Bert’s brows furrowed in a mighty attempt at concentration. “Cow? In your chimney, you say?” He chuckled. “Now how in blazes could it o’ got up there?”
“Oh, never mind.” Kadav took another sip of the firewater, obliterating all thoughts of cows and catastrophes.
“I say, did you notice that there hole in the roof?” Bert corkscrewed his skinny chicken neck around for a better look. “Wow, just look at all them stars up there, so calm and peaceful like a thousand tiny candles burnin’ bravely ‘gainst the darkness.”
“Right,” Kadav said vaguely, running his fingers over the dragon scale. It was pentagonal in shape and slightly convex with upraised ridges radiating outward from the center. While the edges were heavily scuffed, the interior surface was ruby red and clear as a mirror. He angled it so it caught the light from the dying oil lamp and threw a jewel-like reflection onto the polished bar-top. “Damned if I know what the dragon’s after.”
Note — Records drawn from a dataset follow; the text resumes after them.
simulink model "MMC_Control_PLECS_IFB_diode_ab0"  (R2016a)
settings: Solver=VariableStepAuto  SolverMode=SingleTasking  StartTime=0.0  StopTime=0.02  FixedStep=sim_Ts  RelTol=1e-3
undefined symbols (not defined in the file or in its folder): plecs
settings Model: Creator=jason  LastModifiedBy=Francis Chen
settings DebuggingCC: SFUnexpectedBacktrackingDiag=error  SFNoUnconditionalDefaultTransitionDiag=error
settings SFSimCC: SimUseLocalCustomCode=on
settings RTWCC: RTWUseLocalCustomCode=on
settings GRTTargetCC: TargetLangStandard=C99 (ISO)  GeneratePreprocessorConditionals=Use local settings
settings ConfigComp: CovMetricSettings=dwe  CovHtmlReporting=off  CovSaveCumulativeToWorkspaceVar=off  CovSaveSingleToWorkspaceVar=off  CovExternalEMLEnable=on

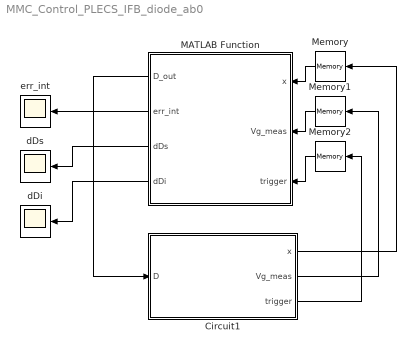
== system MMC_Control_PLECS_IFB_diode_ab0 ==
  Circuit1 : Subsystem  LoadFcn=plecs('sl', 200);  InitFcn=plecs('sl', 214);  StartFcn=plecs('sl', 208);  StopFcn=plecs('sl', 209);  mask(PlecsCircuit){PLECSData=<binary blob, 35032 chars, not shown>}
      mask prompts: PLECSData "PLECS Data (Do not delete or modify!)"
      mask init:
      | % PLACE CUSTOM INITIALIZATIONS ABOVE
      | % DO NOT REMOVE
      | plecs('sl', 215);
      | % DO NOT REMOVE
      settings: CopyFcn=plecs('sl', 203);  DeleteFcn=plecs('sl', 205);  UndoDeleteFcn=plecs('sl', 206);  PreSaveFcn=plecs('sl', 211);  PostSaveFcn=plecs('sl', 201);  NameChangeFcn=plecs('sl', 210);  DestroyFcn=plecs('sl', 207);  PreCopyFcn=plecs('sl', 216);  OpenFcn=plecs('sl', 202);  ErrorFcn=plerrorfcn
      mask Help: web(['file:///' fullfile(plecsdoc, 'creatingacircuit.html')])
      mask Display: disp('PLECS\nCircuit')
  MATLAB Function : MATLAB Function  TreatAsAtomicUnit=on
  Memory : Memory  X0=[50,50,50,4,4,4];  InheritSampleTime=on
  Memory1 : Memory  X0=[0,0,0];  InheritSampleTime=on
  Memory2 : Memory  InheritSampleTime=on
  dDi : Scope
  dDs : Scope
  err_int : Scope
  wires:
  Circuit1/3(trigger) -> Memory2/1
  Circuit1/2(Vg_meas) -> Memory1/1
  Circuit1/1(x) -> Memory/1
  MATLAB Function/1(D_out) -> Circuit1/1(D)
  Memory/1 -> MATLAB Function/1(x)
  Memory1/1 -> MATLAB Function/2(Vg_meas)
  Memory2/1 -> MATLAB Function/3(trigger)
  MATLAB Function/2(err_int) -> err_int/1
  MATLAB Function/3(dDs) -> dDs/1
  MATLAB Function/4(dDi) -> dDi/1

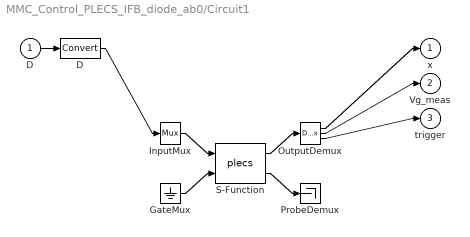
== system MMC_Control_PLECS_IFB_diode_ab0/Circuit1 ==
  D : Inport  PortDimensions=6
  " D " : DataTypeConversion  SaturateOnIntegerOverflow=on  RndMeth=Zero
  " GateMux " : Ground
  " InputMux " : Mux  Inputs=[ 6 ]
  " OutputDemux " : Demux  Outputs=[ 6 3 1 ]
  " ProbeDemux " : Terminator
  " S-Function " : S-Function  FunctionName=plecs  SFunctionDeploymentMode=off  EnableBusSupport=off
  x : Outport  PortDimensions=6
  Vg_meas : Outport  Port=2  PortDimensions=3
  trigger : Outport  Port=3  PortDimensions=1
  wires:
  " InputMux "/1 -> " S-Function "/1
  " GateMux "/1 -> " S-Function "/2
  " S-Function "/1 -> " OutputDemux "/1
  " S-Function "/2 -> " ProbeDemux "/1
  D/1 -> " D "/1
  " D "/1 -> " InputMux "/1
  " OutputDemux "/1 -> x/1
  " OutputDemux "/2 -> Vg_meas/1
  " OutputDemux "/3 -> trigger/1

== matlab function MMC_Control_PLECS_IFB_diode_ab0/MATLAB Function ==
  data: x input; D_out output; Vg_meas input; trigger input; nom parameter; err_int output; dDs output; dDi output
function [D_out,  err_int, dDs,dDi]= MMC_control_AB0(x, Vg_meas, trigger,nom)


persistent D_out_val err_int_val phi_val Di_out_val Ds_out_val
if isempty(D_out_val)
    phi_val = 0;
    D_out_val = [0.5; 0.5; 0.5; 0.5; 0.5; 0.5];
    Di_out_val = zeros(6,1); 
    Ds_out_val = zeros(6,1);
    err_int_val = zeros(5,1);
end

if trigger    
Vg_peak = 120; 
Lleak = 1e-6 ;
Nstate = 6; 
Nin  = 6; 
Nout = 5; 
Kclark = 2/3*[1,-0.5,-0.5;0 sqrt(3)/2 -sqrt(3)/2;1/3,1/3,1/3]; %clark transform for ABC 

sin_1     = (Vg_meas(1)/Vg_peak);
sin_2     = (Vg_meas(2)/Vg_peak); 
sin_3     = (Vg_meas(3)/Vg_peak); 

phi_1  = asin(sin_1); 
if (sin_1>=0) && (sin_2>=sin_3)
    phi_1 = pi-phi_1; 
end

if (sin_1<=0) && (sin_2>=sin_3) 
    phi_1 = pi-phi_1; 
end

if phi_1<0 
    phi_1 = phi_1+2*pi;  
end

phi = phi_1; 
tstep   = ceil(interp1(nom.phi,nom.id,phi,'nearest','extrap'));
xnom    = nom.x(tstep,:)'; 
% xnom(1:3) = [75 80 85]';% new setpoint

K       = nom.K(tstep,:,:);

xab       = [x(1:3);Kclark*x(4:6)]; %Clark Transformation to get the ab current
yab       = xab(1:5); 
yabd      = xnom(1:5); 

K  = reshape (K,Nstate,Nstate+Nout);
Ki = K       (:,1:Nout); 
Kp = K       (:,Nout+1:end);
tcy     = 1/nom.fsw;
D0      = nom.D (tstep,:)'; %Nominal Duty Cycle

state   =   xab - xnom; 
err     =   yabd - yab; 
err_int =   err*tcy  + err_int_val;

dD      = - Kp*state - Ki*err_int;
dDi     = -Ki*err_int; 
dDs     = -Kp*state;
D       =   D0+dD;  % pay close attention to the sign!
D       =   max(min(D,0.999),-0.999);

% convRatio = abs(D); 
% Dabs     = sqrt(convRatio); 
% D        = sign(D).*Dabs;
% R    = ones(1,Nin); 
% R(1) = x(1)*convRatio(1)/abs(x(4)); 
% R(2) = x(3)*convRatio(2)/abs(x(4)); 
% R(3) = x(1)*convRatio(3)/abs(x(5)); 
% R(4) = x(2)*convRatio(4)/abs(x(5)); 
% R(5) = x(2)*convRatio(5)/abs(x(6)); 
% R(6) = x(3)*convRatio(6)/abs(x(6));
% Dabs      = sqrt(convRatio.^2./(1-tcy*R./(4*Lleak*convRatio))); 

    D_out = D;
    Di_out_val = dDi; 
    Ds_out_val = dDs; 
    D_out_val = D;
    err_int_val = err_int;
    phi_val = phi; 
else
    phi = phi_val; 
    D_out = D_out_val;
    dDi  = Di_out_val; 
    dDs  = Ds_out_val; 
    err_int = err_int_val;
end

end %function

“Maybe it’s hungry,” Bert replied.
“Then why doesn’t it eat us? Or our cattle or livestock?”
“It took that Berla girl. Maybe it et her up.”
Kadav shook his head. “Why would it bother hauling her around the countryside then? If I didn’t know better, I’d say it was taunting us.”
“Maybe it took her so she could make bread for it. I say, she do make the best bread. You ever had it?”
“But it wasn’t even after her. It was after that Krystal girl. The fat one just got in the way.”
“Ramsey’s little girl?” Bert whistled appreciatively. “Now ain’t she a real look-see.”
“But it doesn’t make sense. What would a dragon want with a pretty little thing like that?”
“What do all men want? Now my pa used to tell me that there were only two things in this world that all men were after—”
Kadav pounded a fist on the bar. “Dammit—that’s just the problem, Bert! If it were a man I would know how to deal with it. But it’s not a man, is it? It’s the fire-breathing mother of all demons. Why, it couldn’t be less like a man if—” the words caught in his throat. He slumped back onto his stool, shaken by the power of his revelation. “Seven hells and all the holy saints. Of course. The girl. My medallion. The cow in my chimney…” His thoughts crystallized in the afterglow of the firewater. “Bert, you are bleeding brilliant!” Leaning across the bar, he enveloped the old drunkard in a heartfelt embrace.